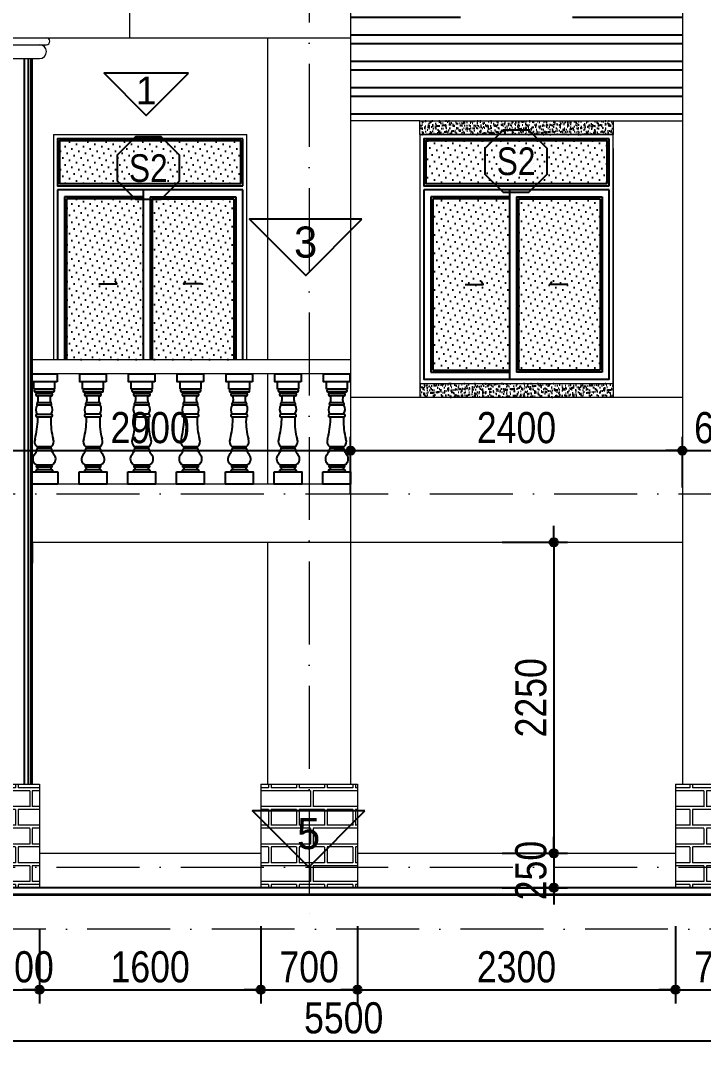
# Model space of a CAD drawing. Extents: x -1107188 to -523840, y 39692 to 514392.
# Drawn here: x -1079960 to -1075025, y 436156 to 443711 of the extents above; entities that cross this region are included whole.
import ezdxf
from ezdxf.enums import TextEntityAlignment as Align

# ---------------------------------------------------------------- set-up
doc = ezdxf.new("R2010")
doc.units = 0
doc.linetypes.add('ACAD_ISO10W100', pattern=[18, 12, -3, 0, -3])
doc.layers.get('DEFPOINTS').update_dxf_attribs({"linetype": 'CONTINUOUS'})
for name, color, linetype in [('DIM', 1, 'CONTINUOUS'), ('DOOR', 20, 'CONTINUOUS'), ('HACTH', 8, 'CONTINUOUS'), ('HATCH', 8, 'CONTINUOUS'), ('KINH 1', 142, 'CONTINUOUS'), ('TAGS', 60, 'CONTINUOUS'), ('TUONG', 131, 'CONTINUOUS')]:
    doc.layers.add(name, color=color, linetype=linetype)
for name, color, linetype, lineweight in [('HACHT', 8, 'CONTINUOUS', 5), ('NET-THAY', 2, 'CONTINUOUS', 13), ('TRUC', 24, 'CONTINUOUS', 0)]:
    doc.layers.add(name, color=color, linetype=linetype, lineweight=lineweight)
doc.styles.add('AVO', font='')
doc.styles.add('HEL-CONDENSE', font='')
doc.styles.add('VNI-HELVE-CONDENSEN', font='')
doc.styles.get('AVO').set_extended_font_data('VNI-Avo')
doc.styles.get('HEL-CONDENSE').set_extended_font_data('VNI-Helve-Condense')
doc.styles.get('VNI-HELVE-CONDENSEN').set_extended_font_data('VNI-Helve-Condense')
doc.dimstyles.new('D100', dxfattribs={"dimtxt": 225, "dimasz": 1.2, "dimexe": 100, "dimexo": 0, "dimgap": 50, "dimtad": 1, "dimdec": 0, "dimzin": 13, "dimdsep": 46, "dimtxsty": 'HEL-CONDENSE', "dimblk": 'D50', "dimcen": 0, "dimclrd": 1, "dimclre": 1, "dimclrt": 7, "dimadec": 0, "dimazin": 0, "dimtfac": 1, "dimtdec": 0, "dimtmove": 0, "dimatfit": 3, "dimldrblk": 'D50', "dimfxl": 1, "dimtolj": 1, "dimtzin": 13, "dimarcsym": 0})
pattern_1 = [(180, (-2397851.25, 149288.5), (-3e-14, -270.968), [387.35, -19.05]), (180, (-2397851.25, 149174.2), (-3e-14, -270.968), [387.35, -19.05]), (180, (-2397952.85, 149153), (-3e-14, -270.968), [184.15, -19.05]), (180, (-2397952.85, 149038.7), (-3e-14, -270.968), [184.15, -19.05]), (270, (-2397851.25, 149288.5), (406.4, -7e-14), [114.3, -156.6672]), (270, (-2397832.2, 149288.5), (406.4, -7e-14), [114.3, -156.6672]), (270, (-2397952.85, 149153.01), (203.2, -4e-14), [114.3, -156.6672]), (270, (-2397933.8, 149153.01), (203.2, -4e-14), [114.3, -156.6672])]
pattern_2 = [(37.5, (-2397851.25, 149588.495), (-1.2000235, 36.7059928), [0, -28.956, 0, -32.385, 0, -30.95625]), (7.5, (-2397851.25, 149588.495), (33.7142462, 53.7618825), [0, -15.621, 0, -26.0985, 0, -10.00125]), (327.5, (-2397874.68, 149588.495), (59.3244278, 0.10778885), [0, -9.525, 0, -34.29, 0, -44.7675]), (317.5, (-2397874.68, 149588.495), (57.266734, 16.7196992), [0, -4.7625, 0, -22.479, 0, -25.7175])]

# ---------------------------------------------------------------- blocks, each defined once
blk = doc.blocks.new('D50')
at = {"layer": 'DIM'}
blk.add_hatch(color=256, dxfattribs=at).paths.add_polyline_path([(25, 0, 1), (-25, 0, 1)])
blk.add_line((25, 0), (100, 0), dxfattribs=at)
blk.add_circle((0, 0), 25, dxfattribs=at)
blk = doc.blocks.new('*D622')
at = {"layer": 'DEFPOINTS', "color": 0, "transparency": 16777216}
for p in [(-1080374.6, 437005), (-1074874.6, 437005), (-1074874.6, 436331.5)]:
    blk.add_point(p, dxfattribs=at)
at = {"layer": 'DIM', "color": 1, "lineweight": -2, "transparency": 16777216}
for p, q in [((-1080374.6, 437005), (-1080374.6, 436231.5)), ((-1074874.6, 437005), (-1074874.6, 436231.5)), ((-1080373.4, 436331.5), (-1074875.8, 436331.5))]:
    blk.add_line(p, q, dxfattribs=at)
at = {"layer": 'DIM', "color": 1, "lineweight": -2, "transparency": 16777216, "xscale": 1.199999999999999, "yscale": 1.199999999999999, "zscale": 1.199999999999999, "rotation": 180}
blk.add_blockref('D50', (-1080374.6, 436331.5), dxfattribs=at)
at = {"layer": 'DIM', "color": 1, "lineweight": -2, "transparency": 16777216, "xscale": 1.199999999999999, "yscale": 1.199999999999999, "zscale": 1.199999999999999}
blk.add_blockref('D50', (-1074874.6, 436331.5), dxfattribs=at)
at = {"layer": 'DIM', "color": 7, "transparency": 16777216, "insert": (-1077624.6, 436496.4), "char_height": 225, "attachment_point": 5, "style": 'HEL-CONDENSE'}
blk.add_mtext('\\A1;5500', dxfattribs=at)
blk = doc.blocks.new('*D625')
at = {"layer": 'DEFPOINTS', "color": 0, "transparency": 16777216}
for p in [(-1098874.6, 437005), (-1065874.6, 437005), (-1065874.6, 435848.2)]:
    blk.add_point(p, dxfattribs=at)
at = {"layer": 'DIM', "color": 1, "lineweight": -2, "transparency": 16777216}
for p, q in [((-1098874.6, 437005), (-1098874.6, 435748.2)), ((-1065874.6, 437005), (-1065874.6, 435748.2)), ((-1098873.4, 435848.2), (-1065875.8, 435848.2))]:
    blk.add_line(p, q, dxfattribs=at)
at = {"layer": 'DIM', "color": 1, "lineweight": -2, "transparency": 16777216, "xscale": 1.199999999999999, "yscale": 1.199999999999999, "zscale": 1.199999999999999, "rotation": 180}
blk.add_blockref('D50', (-1098874.6, 435848.2), dxfattribs=at)
at = {"layer": 'DIM', "color": 1, "lineweight": -2, "transparency": 16777216, "xscale": 1.199999999999999, "yscale": 1.199999999999999, "zscale": 1.199999999999999}
blk.add_blockref('D50', (-1065874.6, 435848.2), dxfattribs=at)
at = {"layer": 'DIM', "color": 7, "transparency": 16777216, "insert": (-1082374.6, 436013.1), "char_height": 225, "attachment_point": 5, "style": 'HEL-CONDENSE'}
blk.add_mtext('\\A1;33000', dxfattribs=at)
blk = doc.blocks.new('KH-CUADI')
at = {"layer": 'TAGS'}
blk.add_lwpolyline([(-124, 300), (-300, 124), (-300, -124), (-124, -300), (124, -300), (300, -124), (300, 124), (124, 300)], close=True, dxfattribs=at)
at = {"layer": 'TAGS', "style": 'VNI-HELVE-CONDENSEN'}
blk.add_attdef('D', text='', height=300, dxfattribs=at).set_placement((0, 0), align=Align.MIDDLE)
blk = doc.blocks.new('A$C5F62150E')
at = {"layer": 'KINH 1'}
h = blk.add_hatch(dxfattribs=at)
h.set_pattern_fill('DOTS', color=256, scale=750, angle=45, style=0)
h.set_pattern_definition([(45, (0, 0), (-16.5728, 49.71845), [0, -46.875])])
h.paths.add_polyline_path([(2528.9, 1072.2), (1218.9, 1072.2), (1218.9, 762.2), (2528.9, 762.2)])
h.paths.add_polyline_path([(1823.9, 652.2), (1268.9, 652.2), (1268.9, -587.8), (1823.9, -587.8)])
h.paths.add_polyline_path([(2478.9, 652.2), (1888.9, 652.2), (1888.9, -587.8), (2478.9, -587.8)])
at = {"layer": 'DOOR'}
for p, q in [((2543.9, 747.2), (2543.9, 1087.2)), ((2543.9, 717.2), (1203.9, 717.2)), ((1823.9, 717.2), (1823.9, -652.8)), ((1823.9, 667.2), (1253.9, 667.2)), ((1253.9, 667.2), (1253.9, -602.8)), ((1873.9, 667.2), (1873.9, -602.8)), ((1873.9, 667.2), (2493.9, 667.2)), ((2493.9, 667.2), (2493.9, -602.8)), ((1253.9, -602.8), (1823.9, -602.8)), ((2493.9, -602.8), (1873.9, -602.8))]:
    blk.add_line(p, q, dxfattribs=at)
at = {"layer": 'DOOR', "color": 8}
for p, q in [((1823.9, 652.2), (1268.9, 652.2)), ((1268.9, 652.2), (1268.9, -587.8)), ((1888.9, 652.2), (1888.9, -587.8)), ((1888.9, 652.2), (2478.9, 652.2)), ((2478.9, 652.2), (2478.9, -587.8)), ((1268.9, -587.8), (1823.9, -587.8)), ((2478.9, -587.8), (1888.9, -587.8))]:
    blk.add_line(p, q, dxfattribs=at)
at = {"layer": 'DOOR'}
for points in [[(2543.9, 1087.2), (1203.9, 1087.2), (1203.9, 747.2), (2543.9, 747.2)], [(1203.9, 717.2), (1203.9, -652.8), (2543.9, -652.8), (2543.9, 717.2)], [(1501.6, 32.3), (1632, 32.3), (1618.7, 53)], [(2246.2, 32.3), (2115.8, 32.3), (2129.1, 53)]]:
    blk.add_lwpolyline(points, dxfattribs=at)
at = {"layer": 'DOOR', "color": 8}
blk.add_lwpolyline([(2528.9, 762.2), (2528.9, 1072.2), (1218.9, 1072.2), (1218.9, 762.2), (2528.9, 762.2)], close=True, dxfattribs=at)
at = {"layer": 'NET-THAY'}
for p, q in [((1173.9, 1117.2), (2573.9, 1117.2)), ((2573.9, -682.8), (2573.9, 1117.2)), ((1173.9, -682.8), (2573.9, -682.8))]:
    blk.add_line(p, q, dxfattribs=at)
blk.add_lwpolyline([(1173.9, 1117.2), (1173.9, -682.8)], dxfattribs=at)
at = {"layer": 'TAGS', "linetype": 'Continuous'}
ref = blk.add_blockref('KH-CUADI', (1871, 924.3), dxfattribs=dict(at, xscale=0.75, yscale=0.75, zscale=0.75, rotation=180))
ref.add_attrib('D', 'S2', dxfattribs={"color": 7, "height": 200, "style": 'VNI-HELVE-CONDENSEN'}).set_placement((1871, 924.3), align=Align.MIDDLE)
blk = doc.blocks.new('A$C316E34DD')
at = {"layer": 'HATCH', "ltscale": 100}
for p, q in [((-1700, -1131), (-1700, -600)), ((-200, -600), (-200, -1131)), ((-1553, -1131), (-1700, -1131)), ((-326, -1321), (-1548, -1321)), ((-310, -1131), (-1545, -1131)), ((-366, -1442), (-1534, -1442)), ((-200, -1131), (-310, -1131)), ((-476, -2106), (-1424, -2106)), ((-418, -1607), (-1405, -1607)), ((-445, -2268), (-1455, -2268)), ((-1477, -3145), (-1477, -3145)), ((-1407, -3305), (-1407, -3145)), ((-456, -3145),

[What to do]
Give back, word for word, only the lines above from the line holding "blk.add_mtext('\\A1;33000', dxfattribs=at)" to the line holding "300)], close=True, dxfattribs=at)", both included.

[Output of the exercise]
blk.add_mtext('\\A1;33000', dxfattribs=at)
blk = doc.blocks.new('KH-CUADI')
at = {"layer": 'TAGS'}
blk.add_lwpolyline([(-124, 300), (-300, 124), (-300, -124), (-124, -300), (124, -300), (300, -124), (300, 124), (124, 300)], close=True, dxfattribs=at)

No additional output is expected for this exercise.